Rechberghausen Furchenrutscher feiern Prunksitzung mit vielen Gags

ANNEROSE FISCHER-BUCHER 16.11.2015
Rechberghäuser Weltstars boten ein Programm mit Musik und Tanz und Gags, die das Publikum bei den Furchenrutschern unterhielten.

Auf die Knef regnete es von drei agilen Ehrengast-Männern rote Rosen auf die Bühne, worüber sich die Oma, die mit ihrer Enkelin zum Vergnügen des Publikums zeitweise gestörtes Fernsehen guckte, beschwert: "Jetzt regnen sie schon in mein Wohnzimmer. Tu sie weg - aber halt, auf dem Friedhof kann ich sie noch brauchen." Deftig-derb, respektlos und witzig-komisch, wie es bei der Fasnet sein müsse, so Schilling, aber auch fein ging es am Samstagabend bei der ausverkauften Prunksitzung der Rechberghauser Narrenzunft der Furchenrutscher zu.
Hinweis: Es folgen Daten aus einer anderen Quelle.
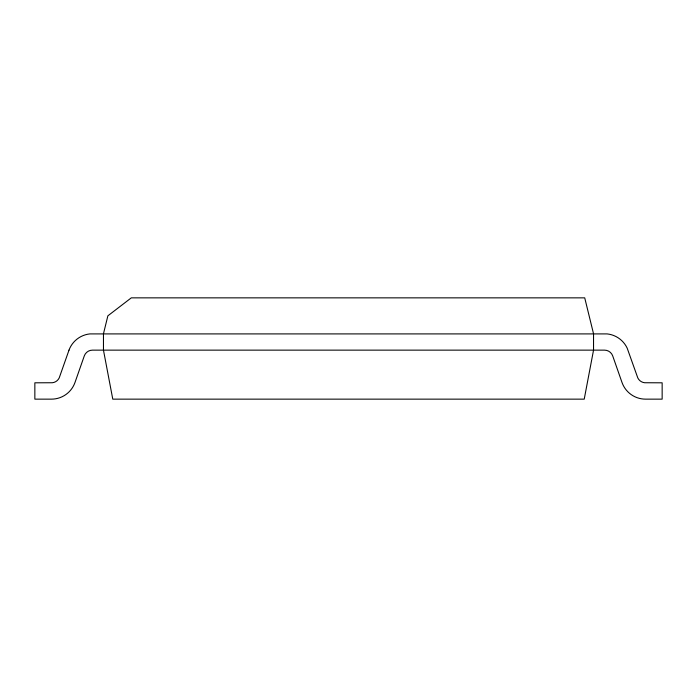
<?xml version="1.0" encoding="UTF-8"?>
<svg xmlns="http://www.w3.org/2000/svg" width="697" height="697" viewBox="0 0 697 697"><rect width="100%" height="100%" fill="white"/><g stroke="black" fill="none" stroke-linecap="round" stroke-linejoin="round"><path stroke-width="1.05" d="M593.539 350.138L584.225 399.146L112.775 399.146L103.461 350.138L103.461 333.793L107.869 315.828L131.297 297.854L584.722 297.854L593.539 333.793L593.539 350.138M68.994 350.155L59.219 377.879A8.599 8.599 0 0 1 52.327 382.74L34.85 382.81L34.85 399.146L51.447 399.146A24.961 24.961 0 0 0 74.962 382.548L84.276 355.949A8.678 8.678 0 0 1 92.466 350.138L604.534 350.138A8.678 8.678 0 0 1 612.724 355.949L622.038 382.548A24.961 24.961 0 0 0 645.553 399.146L662.15 399.146L662.15 382.81L644.673 382.74A8.599 8.599 0 0 1 637.781 377.879L627.187 348.16A25.04 25.04 0 0 0 607.104 333.907L89.896 333.907A25.04 25.04 0 0 0 69.813 348.16L68.994 350.155"/></g></svg>
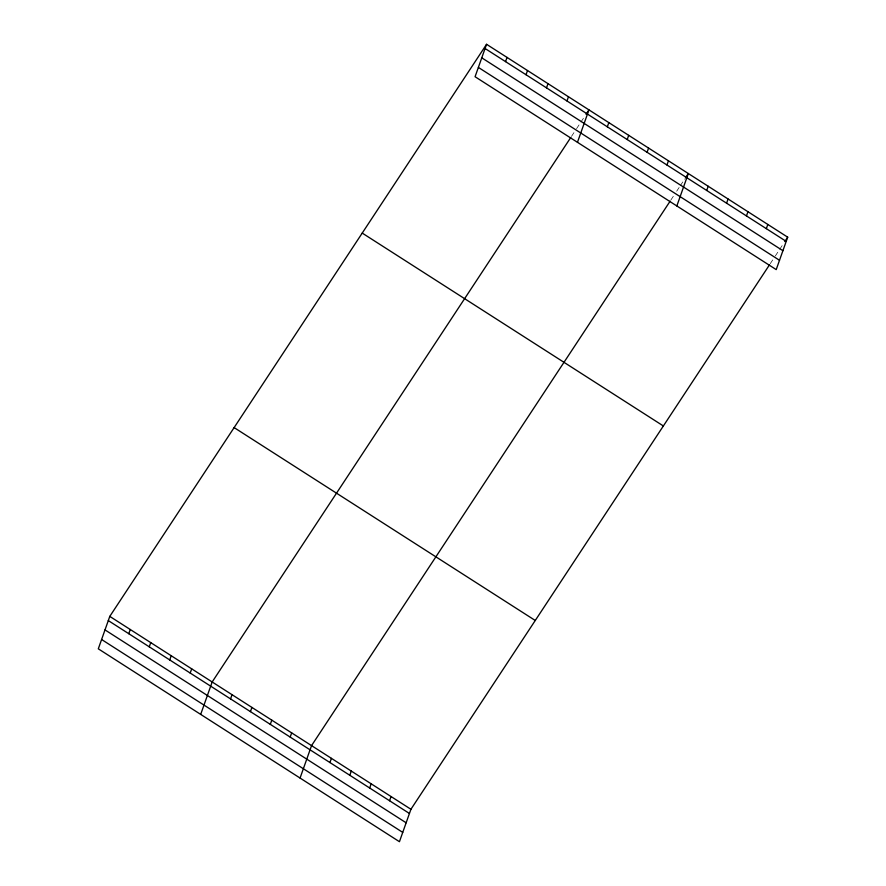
<?xml version="1.0" encoding="UTF-8"?>
<svg xmlns="http://www.w3.org/2000/svg" width="886" height="886" viewBox="0 0 886 886"><rect width="100%" height="100%" fill="white"/><g stroke="black" fill="none" stroke-linecap="round" stroke-linejoin="round"><path stroke-width="0.66" stroke-dasharray="4.43 3.32" d="M571.503 136.378L574.405 131.959M576.587 128.647L580.219 123.132M580.95 122.024L584.583 116.509M670.868 200.026L674.512 194.51M676.694 191.199L679.595 186.78M680.326 185.672L684.69 179.05M770.244 263.674L773.157 259.266M775.339 255.954L778.971 250.428M779.702 249.331L783.335 243.805"/><path stroke-width="1.33" d="M486.558 44.3L475.073 76.728L776.214 269.61L787.698 237.182L486.558 44.3L109.786 616.39L98.302 648.818L399.442 841.7L410.927 809.272L769.524 264.781M128.769 633.712L130.264 629.503M149.247 646.824L150.742 642.616M169.724 659.937L171.219 655.729M190.202 673.05L191.697 668.852M200.69 714.393L212.175 681.965L570.772 137.485M230.559 698.899L232.043 694.69M250.428 711.635L251.923 707.427M270.308 724.36L271.792 720.152M505.552 61.621L507.036 57.413M290.187 737.086L291.671 732.888M526.029 74.734L527.513 70.537M300.066 778.052L311.551 745.613L670.148 201.133M546.507 87.847L547.991 83.649M329.935 762.547L331.419 758.35M566.985 100.971L568.469 96.762M349.804 775.283L351.299 771.075M577.462 142.314L588.946 109.875L586.045 114.294M369.683 788.008L371.168 783.811M607.331 126.82L608.826 122.611M389.563 800.745L391.047 796.536M627.21 139.545L628.695 135.337M647.09 152.27L648.574 148.073M666.959 165.006L668.454 160.798M676.838 205.962L688.322 173.534L685.421 177.942M706.707 190.468L708.202 186.259M726.586 203.193L728.07 198.996M746.455 215.929L747.95 211.721M766.335 228.654L767.819 224.457M784.786 241.601L787.698 237.182M485.074 48.508L786.214 241.391M481.774 57.823L782.914 250.705M478.374 67.414L779.514 260.296M362.23 233.084L663.359 425.967M234.125 427.595L535.255 620.477M109.786 616.39L410.927 809.272M108.302 620.588L409.432 813.47M105.002 629.902L406.131 822.784M101.602 639.504L402.731 832.386"/></g></svg>

Im Abschluss-Potpourri der Tofuhe Singers war nicht nur Hildegard Knef nach Rechberghausen gekommen. Viele internationale Stars wie Doris Day, Elvis Presley, Tina Turner oder ein umwerfender Frank Sinatra machten dem Publikum in einer glänzenden Show mit bekannten Hits viel Vergnügen. Die Zuschauer entdeckten nicht nur den Star, sondern auch zuweilen ein ungeahnt komisches Talent des jeweiligen Hauseners.

Die beiden Markt- und Tratschweiber und Urgesteine Sofie (Magda Schröder) und Paile (Margret Giebler) zogen die örtliche High-Society und das Geschehen des vergangenen Jahres im Ort durch den Kakao. Sie nahmen die blöde Baustelle im Ort aufs Korn und hätten für das viele rausgeschmissene Geld lieber einen Tunnel von Bartenbach nach Wäschenbeuren gebaut und die Lorcher Straße in eine Reiner-Ruf-Gedächtnis-Allee umbenannt. Der Alt-Bürgermeister bekam sein Fett immer noch weg, während seine Nachfolgerin Claudia Dörner, "des Mädle im Rathaus, wo dia Sitzunga ratz-fatz macht", dieses Jahr noch geschont wurde. Sie habe ja bis jetzt noch nichts angestellt.

Tabulose Ratschläge

Elly Wagner plauderte in der Fass-Bütt, die von Diener Toni aufgebaut wurde, der unermüdlich vor und hinter der Bühne mit Noblesse im Einsatz war, über die Männer. Die Erfahrungen mit ihnen auf ihrer Schönheitsfarm gipfelten in der Erkenntnis, ein Mann sei und bleibe verhunzt. Nach Details zu Wohlfühltagen im Darm oder Vergleichen wie Magerquark oder ranziger Butter hatte sie als Aurelia vom Schuldenbuckel noch tabulose Ratschläge für das beste Teil des Mannes.

Evi Erdinger brach in ihrer Büttenrede eine Lanze fürs Schwäbische und ließ sich über die Schwaben, ihre Eigenheiten und die sprachlichen Unterschiede zum Hochdeutschen aus. Der "päbe und maulfaule" Schwabe beherrsche sämtliche tierischen Schimpfwörter vom Saudackel bis zur höchsten Steigerungsform Halbdackel. Was ein Spätzle denkt und erleiden muss, bis es "gessa" wird, darauf wusste sich die Spätzles-Schwäbin im doppelten Wortsinn einen Reim zu machen. Musik- und Tanzvorführungen belebten Schlag auf Schlag den Abend. Mit Dampf und Rauch mischten sich die Hexen mit ihren Hexenlichter-Pratzen bei unheimlicher Musik ins Publikum, bevor sie ihre diabolischen Tänze und Kapriolen aufführten.

Fein-hübsch war dagegen der Gardetanz der sechs- bis neunjährigen Nachwuchsmädchen "Lollipops", professionell besonders der zweite Tanz der Schlossgarde, die eine Zugabe tanzen musste, und feurig wie ihre feuerroten Struwwel-Perücken der Rock- und Poptanz der Blau-Weißen. Mark White sorgte als Alleinunterhalter gekonnt für die Musik und am Ende bekamen alle Darsteller den diesjährigen Saisonorden von Reinhard Kirchner und dem Grafenpaar Katrin Abele und Stefan Stadelmann überreicht.